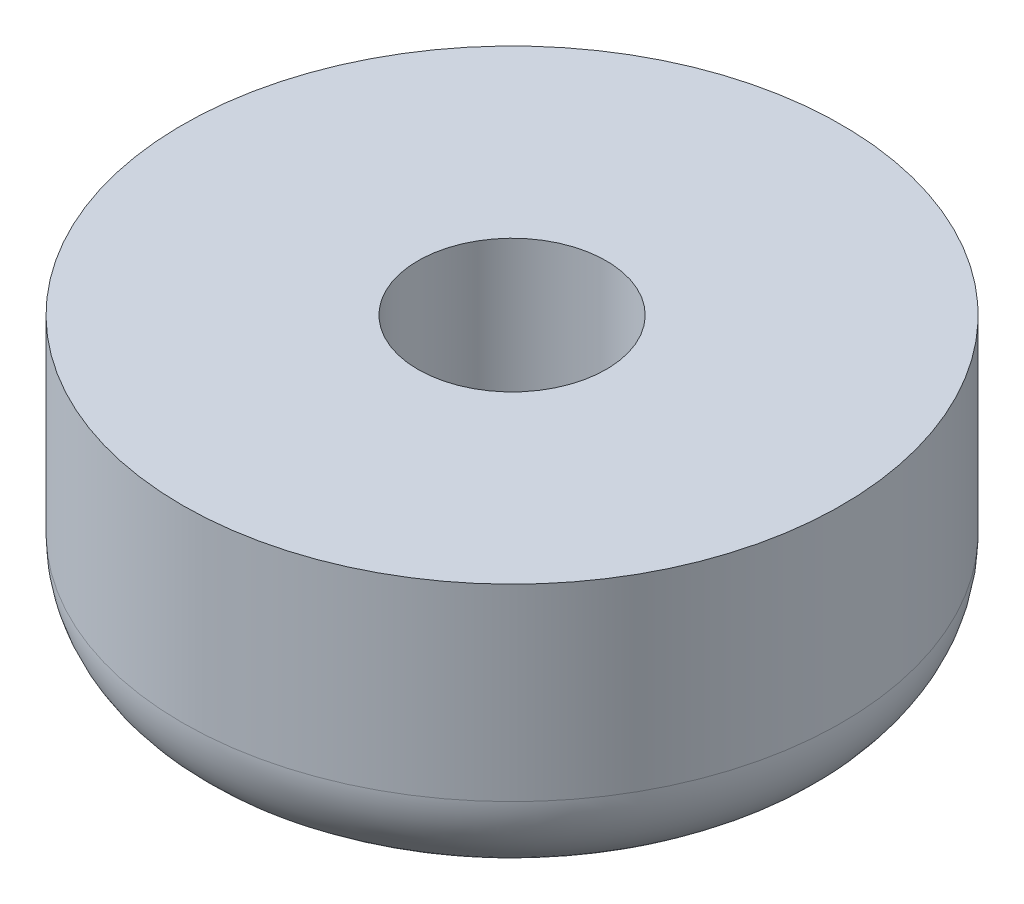
SolidWorks part; units mm, degrees
ref_plane "Front Plane" through (0, 0, 0) normal (0, 0, 1) x (1, 0, 0)
ref_plane "Top Plane" through (0, 0, 0) normal (0, 1, 0) x (1, 0, 0)
ref_plane "Right Plane" through (0, 0, 0) normal (1, 0, 0) x (0, 0, -1)
sketch "Sketch1" plane through (0, 0, 0) normal (0, 1, 0) x (1, 0, 0)
  circle A0 centre (0, 0) radius 3.5
  dimension "D1" = 7
extrude "Boss-Extrude1" add sketch "Sketch1" along normal blind 3
sketch "Sketch2" plane through (0, 3, 0) normal (0, 1, 0) x (1, 0, 0)
  circle A0 centre (0, 0) radius 1
  dimension "D1" = 2
extrude "Cut-Extrude1" cut sketch "Sketch2" against normal blind 2
fillet "Fillet1" radius 1 1 edges at (0, 0, 3.5)
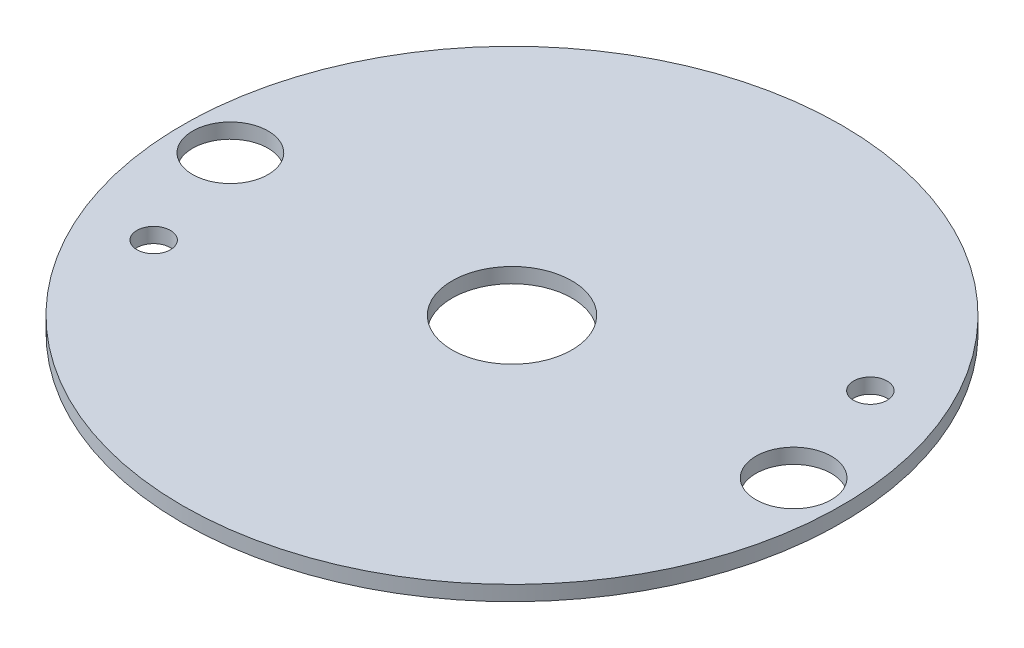
SolidWorks part; units mm, degrees
ref_plane "Front Plane" through (0, 0, 0) normal (0, 0, 1) x (1, 0, 0)
ref_plane "Top Plane" through (0, 0, 0) normal (0, 1, 0) x (1, 0, 0)
ref_plane "Right Plane" through (0, 0, 0) normal (1, 0, 0) x (0, 0, -1)
sketch "Sketch1" plane through (0, 0, 0) normal (0, 1, 0) x (1, 0, 0)
  circle A0 centre (0, 0) radius 69.85
  circle A1 centre (0, 0) radius 12.7
extrude "Boss-Extrude1" add sketch "Sketch1" along normal blind 3.175
sketch "Sketch2" plane through (0, 3.175, 0) normal (0, 1, 0) x (1, 0, 0)
  line L0 (59.69, 0) -> (-59.69, 0) construction
  line L1 (51.7955, 24.1526) -> (-51.7955, -24.1526) construction
  circle A0 centre (-59.69, 0) radius 8.001
  circle A1 centre (59.69, 0) radius 8.001
  circle A2 centre (-51.7955, -24.1526) radius 3.556
  circle A3 centre (51.7955, 24.1526) radius 3.556
  point P4 (0, 0)
  point P8 (0, 0)
extrude "Cut-Extrude1" cut sketch "Sketch2" against normal blind 3.175
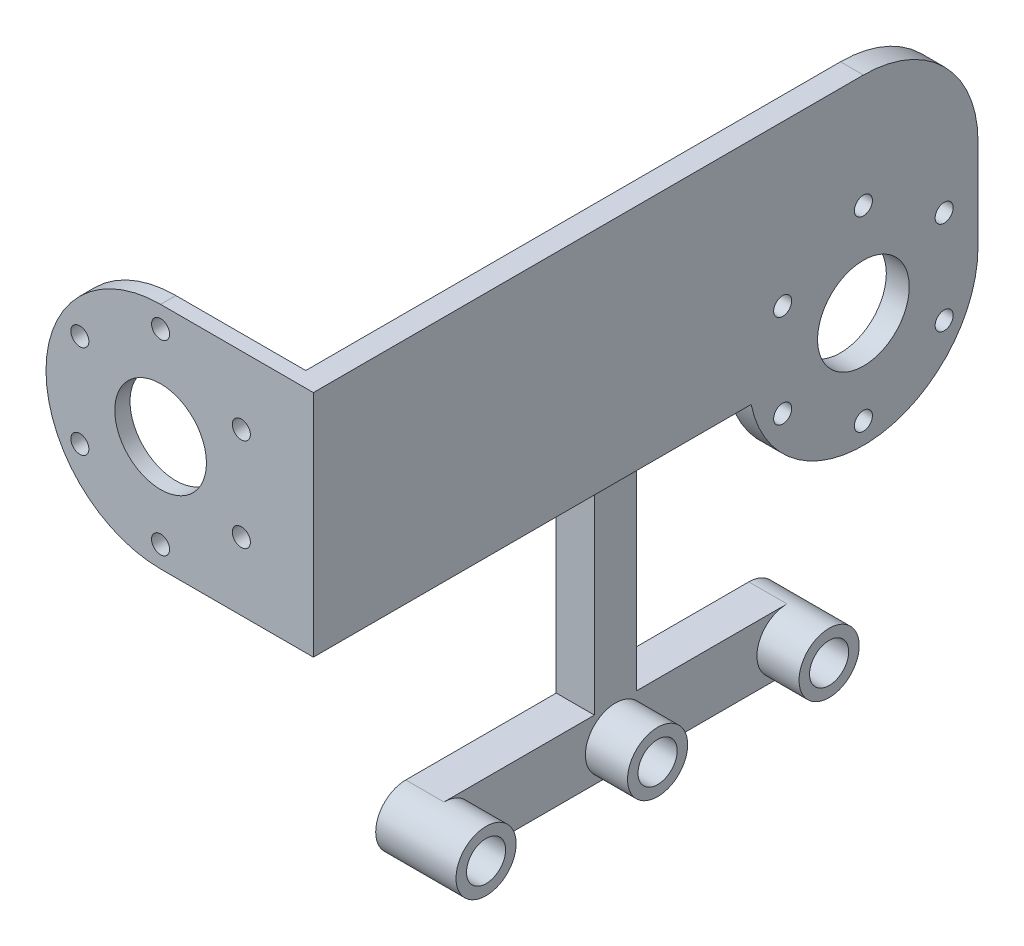
SolidWorks part; units mm, degrees
ref_plane "Front Plane" through (0, 0, 0) normal (0, 0, 1) x (1, 0, 0)
ref_plane "Top Plane" through (0, 0, 0) normal (0, 1, 0) x (1, 0, 0)
ref_plane "Right Plane" through (0, 0, 0) normal (1, 0, 0) x (0, 0, -1)
sketch "Sketch1" plane through (0, 0, 0) normal (0, 0, 1) x (1, 0, 0)
  line L1 (-25.4, -19.05) -> (25.4, -19.05)
  line L2 (-25.4, -19.05) -> (-25.4, 19.05)
  line L3 (-25.4, 19.05) -> (25.4, 19.05)
  line L4 (25.4, -19.05) -> (25.4, 19.05)
  line L5 (-25.4, -19.05) -> (25.4, 19.05) construction
  line L6 (-25.4, 19.05) -> (25.4, -19.05) construction
  circle A0 centre (0, 0) radius 15.5 construction
  circle A1 centre (0, 15.5) radius 1.5
  circle A2 centre (13.4234, 7.75) radius 1.5
  circle A3 centre (13.4234, -7.75) radius 1.5
  circle A4 centre (0, -15.5) radius 1.5
  circle A5 centre (-13.4234, -7.75) radius 1.5
  circle A6 centre (-13.4234, 7.75) radius 1.5
  circle A7 centre (0, 0) radius 7.62
  point P0 (0, 0)
  point P22 (0, 0)
  dimension "D2" = 31
  dimension "D3" = 3
  dimension "D5" = 15.24
  dimension "D1" = 38.1
  dimension "D6" = 50.8
  dimension "D4" = 6
extrude "Boss-Extrude1" add sketch "Sketch1" along normal blind 2.54
sketch "Sketch2" plane through (0, 0, 2.54) normal (0, 0, 1) x (1, 0, 0)
  line L0 (25.4, 19.05) -> (-25.4, 19.05) construction
  line L1 (-25.4, -19.05) -> (25.4, -19.05) construction
  line L2 (0, 19.05) -> (-25.4, 19.05)
  line L3 (-25.4, 19.05) -> (-25.4, -19.05)
  line L4 (-25.4, 19.05) -> (-25.4, -19.05) construction
  line L5 (-25.4, -19.05) -> (0, -19.05)
  arc A0 (0, 19.05) -> (0, -19.05) centre (0, 0) ccw
extrude "Cut-Extrude1" cut sketch "Sketch2" against normal up to next
sketch "Sketch4" plane through (25.4, 0, 0) normal (1, 0, 0) x (0, 0, -1)
  line L0 (-2.54, -19.05) -> (0, -19.05) construction
  line L1 (-2.54, 19.05) -> (88.9, 19.05)
  line L2 (-2.54, 19.05) -> (-2.54, -19.05)
  line L3 (-2.54, -19.05) -> (88.9, -19.05)
  line L4 (88.9, 19.05) -> (88.9, -19.05)
  line L5 (0, -19.05) -> (0, 19.05) construction
  line L7 (107.95, 0) -> (69.85, 0)
  line L8 (107.95, 0) -> (107.95, -15.24)
  line L9 (107.95, -15.24) -> (69.85, -15.24)
  line L10 (69.85, 0) -> (69.85, -15.24)
  circle A0 centre (88.9, 0) radius 19.05
  circle A1 centre (88.9, -15.24) radius 19.05
  dimension "D1" = 88.9
  dimension "D2" = 15.24
extrude "Boss-Extrude2" add sketch "Sketch4" against normal blind 3.81 contours L2 L1 L4 L3 | A0 | L8 L7 L10 L9 | A1
sketch "Sketch5" plane through (25.4, 0, 0) normal (1, 0, 0) x (0, 0, -1)
  circle A0 centre (88.9, -15.24) radius 7.62
  circle A2 centre (88.9, -15.24) radius 15.5 construction
  circle A3 centre (88.9, 0.26) radius 1.5
  circle A4 centre (102.3234, -7.49) radius 1.5
  circle A5 centre (102.3234, -22.99) radius 1.5
  circle A6 centre (88.9, -30.74) radius 1.5
  circle A7 centre (75.4766, -22.99) radius 1.5
  circle A8 centre (75.4766, -7.49) radius 1.5
  arc A9 (70.2349, -19.05) -> (107.95, -15.24) centre (88.9, -15.24) ccw construction
  dimension "D1" = 15.24
  dimension "D2" = 31
  dimension "D3" = 3
  dimension "D4" = 6
extrude "Cut-Extrude2" cut sketch "Sketch5" against normal up to next
sketch "Sketch6" plane through (0, -19.05, 0) normal (0, -1, 0) x (1, 0, 0)
  line L0 (25.4, 2.54) -> (25.4, -70.2349) construction
  line L1 (25.4, -56.8849) -> (6.35, -56.8849)
  line L2 (25.4, -56.8849) -> (25.4, -63.8849)
  line L3 (25.4, -63.8849) -> (6.35, -63.8849)
  line L4 (6.35, -56.8849) -> (6.35, -63.8849)
  line L5 (25.4, -70.2349) -> (21.59, -70.2349) construction
  dimension "D1" = 7
  dimension "D2" = 19.05
  dimension "D3" = 6.35
extrude "Boss-Extrude3" add sketch "Sketch6" against normal blind 6.35
sketch "Sketch9" plane through (6.35, 0, 0) normal (-1, 0, 0) x (0, 0, 1)
  line L0 (-56.8849, -12.7) -> (-56.8849, -19.05) construction
  line L1 (-63.8849, -19.05) -> (-56.8849, -19.05)
  line L2 (-63.8849, -19.05) -> (-63.8849, -63.45)
  line L3 (-88.9, -73.45) -> (-31.8698, -73.45)
  line L4 (-56.8849, -19.05) -> (-56.8849, -63.45)
  line L5 (-60.3849, -19.05) -> (-60.3849, -73.45) construction
  line L6 (-88.9, -7.62) -> (-88.9, -22.86) construction
  line L7 (-56.8849, -63.45) -> (-31.8698, -63.45)
  line L8 (-60.3849, -63.45) -> (-60.3849, -73.45)
  line L9 (-60.3849, -73.45) -> (-31.8698, -73.45)
  line L11 (-63.8849, -63.45) -> (-88.9, -63.45)
  line L12 (-60.3849, -63.45) -> (-60.3849, -73.45)
  line L13 (-60.3849, -73.45) -> (-88.9, -73.45)
  circle A0 centre (-88.9, -15.24) radius 7.62 construction
  circle A1 centre (-60.3849, -68.45) radius 5 construction
  circle A2 centre (-60.3849, -68.45) radius 3.25
  arc A3 (-88.9, -63.45) -> (-88.9, -73.45) centre (-88.9, -68.45) ccw
  circle A4 centre (-88.9, -68.45) radius 3.25
  circle A5 centre (-31.8698, -68.45) radius 3.25
  arc A6 (-31.8698, -63.45) -> (-31.8698, -73.45) centre (-31.8698, -68.45) cw
  point P23 (-32.6563, -63.45)
  point P27 (0, 0)
  point P28 (-88.9, -63.45)
  point P30 (0, 0)
  point P32 (-88.9, -64.2835)
  point P33 (0, 0)
  point P34 (-64.4134, -73.45)
  point P35 (0, 0)
  point P36 (-88.5388, -73.45)
  line M5 (-63.8849, -19.05) -> (-56.8849, -19.05)
  dimension "D2" = 10
  dimension "D3" = 6.5
  dimension "D1" = 58.21
extrude "Boss-Extrude6" add sketch "Sketch9" against normal blind 6.35 contours A6 L7 L4 L2 L11 A3 L3 A2 A4 A5 M5 region at (6.35, -58.6211, -60.3849)
sketch "Sketch10" plane through (12.7, 0, 0) normal (1, 0, 0) x (0, 0, -1)
  line L1 (60.3849, -19.05) -> (60.3849, -73.45) construction
  line L3 (63.8849, -63.45) -> (88.9, -63.45) construction
  line L4 (63.8849, -19.05) -> (56.8849, -19.05) construction
  circle A0 centre (60.3849, -68.45) radius 5
  circle A2 centre (60.3849, -68.45) radius 5 construction
  circle A4 centre (60.3849, -68.45) radius 3.25
  circle A5 centre (60.3849, -68.45) radius 3.25 construction
  circle A6 centre (31.8698, -68.45) radius 5
  circle A7 centre (88.9, -68.45) radius 5
  circle A8 centre (88.9, -68.45) radius 3.25 construction
  circle A9 centre (31.8698, -68.45) radius 3.25 construction
  circle A10 centre (88.9, -68.45) radius 3.25
  circle A11 centre (31.8698, -68.45) radius 3.25
  arc A12 (31.8698, -63.45) -> (31.8698, -73.45) centre (31.8698, -68.45) ccw construction
  arc A13 (88.9, -73.45) -> (88.9, -63.45) centre (88.9, -68.45) ccw construction
  point P6 (60.3849, -19.05)
extrude "Boss-Extrude7" add sketch "Sketch10" along normal blind 7 contours A6 | A11 | A4 | A0 | A10 | A7
equation "\"mounting distance\" = 24mm"
equation "\"ded\"= 2mm"
equation "\"rack base distance\"= 3mm"
equation "\"slot depth\"= 1.15in"
equation "\"stand height\"= \"mounting distance\" + \"ded\" + \"rack base distance\" + \"slot depth\""
equation "\"D1@Sketch9\"=\"stand height\""

□ □ □ □ □ □ □

→ **WORK ITEM**
When a line of the material holds the string "equation", copy that line.

→ **ANSWER**
equation "\"mounting distance\" = 24mm"
equation "\"ded\"= 2mm"
equation "\"rack base distance\"= 3mm"
equation "\"slot depth\"= 1.15in"
equation "\"stand height\"= \"mounting distance\" + \"ded\" + \"rack base distance\" + \"slot depth\""
equation "\"D1@Sketch9\"=\"stand height\""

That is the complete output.